- [Action item]
With the pictures left out, repeat every entry that follows exactly.

#### Data to use ####

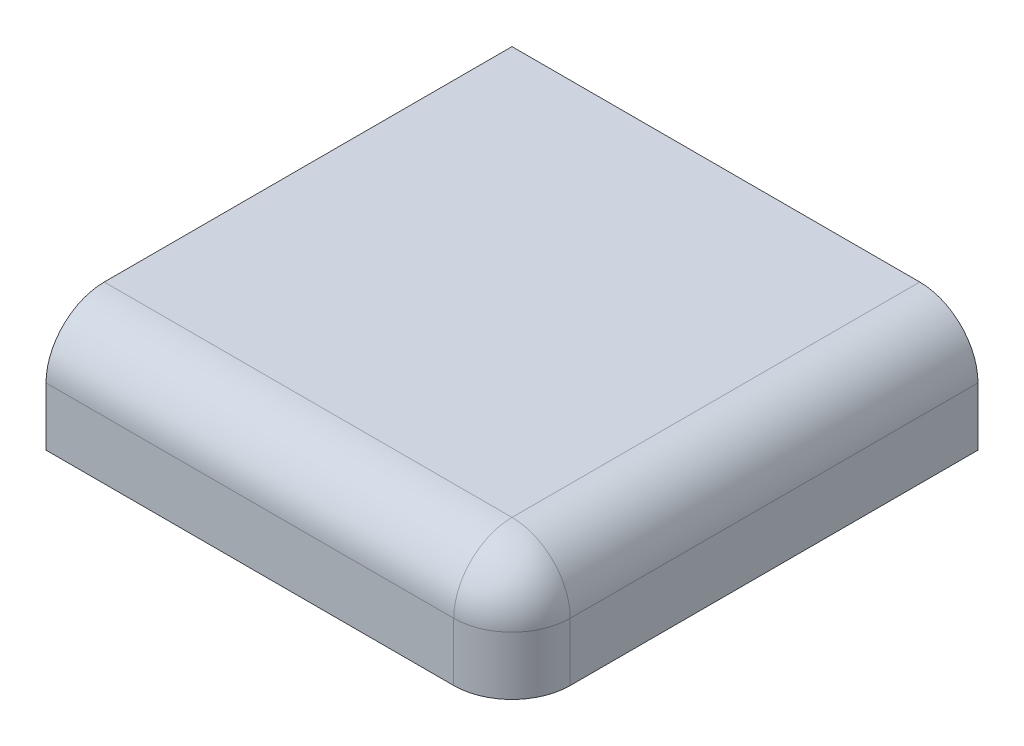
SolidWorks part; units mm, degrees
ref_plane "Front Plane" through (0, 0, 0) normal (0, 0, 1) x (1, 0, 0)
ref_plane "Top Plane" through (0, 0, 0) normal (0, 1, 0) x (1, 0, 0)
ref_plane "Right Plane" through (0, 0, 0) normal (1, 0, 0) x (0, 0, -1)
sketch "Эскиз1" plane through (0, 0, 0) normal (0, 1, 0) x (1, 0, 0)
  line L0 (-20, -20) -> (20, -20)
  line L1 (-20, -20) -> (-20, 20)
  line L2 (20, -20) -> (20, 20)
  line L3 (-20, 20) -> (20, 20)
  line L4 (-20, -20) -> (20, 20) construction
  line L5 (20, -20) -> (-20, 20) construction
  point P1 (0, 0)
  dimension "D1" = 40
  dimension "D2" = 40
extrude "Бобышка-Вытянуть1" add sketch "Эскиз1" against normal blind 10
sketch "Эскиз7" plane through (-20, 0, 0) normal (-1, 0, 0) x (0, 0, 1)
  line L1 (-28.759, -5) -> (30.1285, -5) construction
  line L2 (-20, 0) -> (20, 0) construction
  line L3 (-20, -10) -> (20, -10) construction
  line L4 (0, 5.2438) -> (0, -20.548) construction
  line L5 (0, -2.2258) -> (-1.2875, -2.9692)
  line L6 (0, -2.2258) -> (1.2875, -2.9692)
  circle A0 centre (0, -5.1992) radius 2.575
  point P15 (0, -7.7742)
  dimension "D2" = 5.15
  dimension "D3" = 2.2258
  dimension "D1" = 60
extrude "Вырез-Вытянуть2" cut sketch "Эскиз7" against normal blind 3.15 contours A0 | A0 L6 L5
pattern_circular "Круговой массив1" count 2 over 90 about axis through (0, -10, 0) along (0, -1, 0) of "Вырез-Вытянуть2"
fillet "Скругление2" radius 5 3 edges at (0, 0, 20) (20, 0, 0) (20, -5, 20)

####

- [Response area]
SolidWorks part; units mm, degrees
ref_plane "Front Plane" through (0, 0, 0) normal (0, 0, 1) x (1, 0, 0)
ref_plane "Top Plane" through (0, 0, 0) normal (0, 1, 0) x (1, 0, 0)
ref_plane "Right Plane" through (0, 0, 0) normal (1, 0, 0) x (0, 0, -1)
sketch "Эскиз1" plane through (0, 0, 0) normal (0, 1, 0) x (1, 0, 0)
  line L0 (-20, -20) -> (20, -20)
  line L1 (-20, -20) -> (-20, 20)
  line L2 (20, -20) -> (20, 20)
  line L3 (-20, 20) -> (20, 20)
  line L4 (-20, -20) -> (20, 20) construction
  line L5 (20, -20) -> (-20, 20) construction
  point P1 (0, 0)
  dimension "D1" = 40
  dimension "D2" = 40
extrude "Бобышка-Вытянуть1" add sketch "Эскиз1" against normal blind 10
sketch "Эскиз7" plane through (-20, 0, 0) normal (-1, 0, 0) x (0, 0, 1)
  line L1 (-28.759, -5) -> (30.1285, -5) construction
  line L2 (-20, 0) -> (20, 0) construction
  line L3 (-20, -10) -> (20, -10) construction
  line L4 (0, 5.2438) -> (0, -20.548) construction
  line L5 (0, -2.2258) -> (-1.2875, -2.9692)
  line L6 (0, -2.2258) -> (1.2875, -2.9692)
  circle A0 centre (0, -5.1992) radius 2.575
  point P15 (0, -7.7742)
  dimension "D2" = 5.15
  dimension "D3" = 2.2258
  dimension "D1" = 60
extrude "Вырез-Вытянуть2" cut sketch "Эскиз7" against normal blind 3.15 contours A0 | A0 L6 L5
pattern_circular "Круговой массив1" count 2 over 90 about axis through (0, -10, 0) along (0, -1, 0) of "Вырез-Вытянуть2"
fillet "Скругление2" radius 5 3 edges at (0, 0, 20) (20, 0, 0) (20, -5, 20)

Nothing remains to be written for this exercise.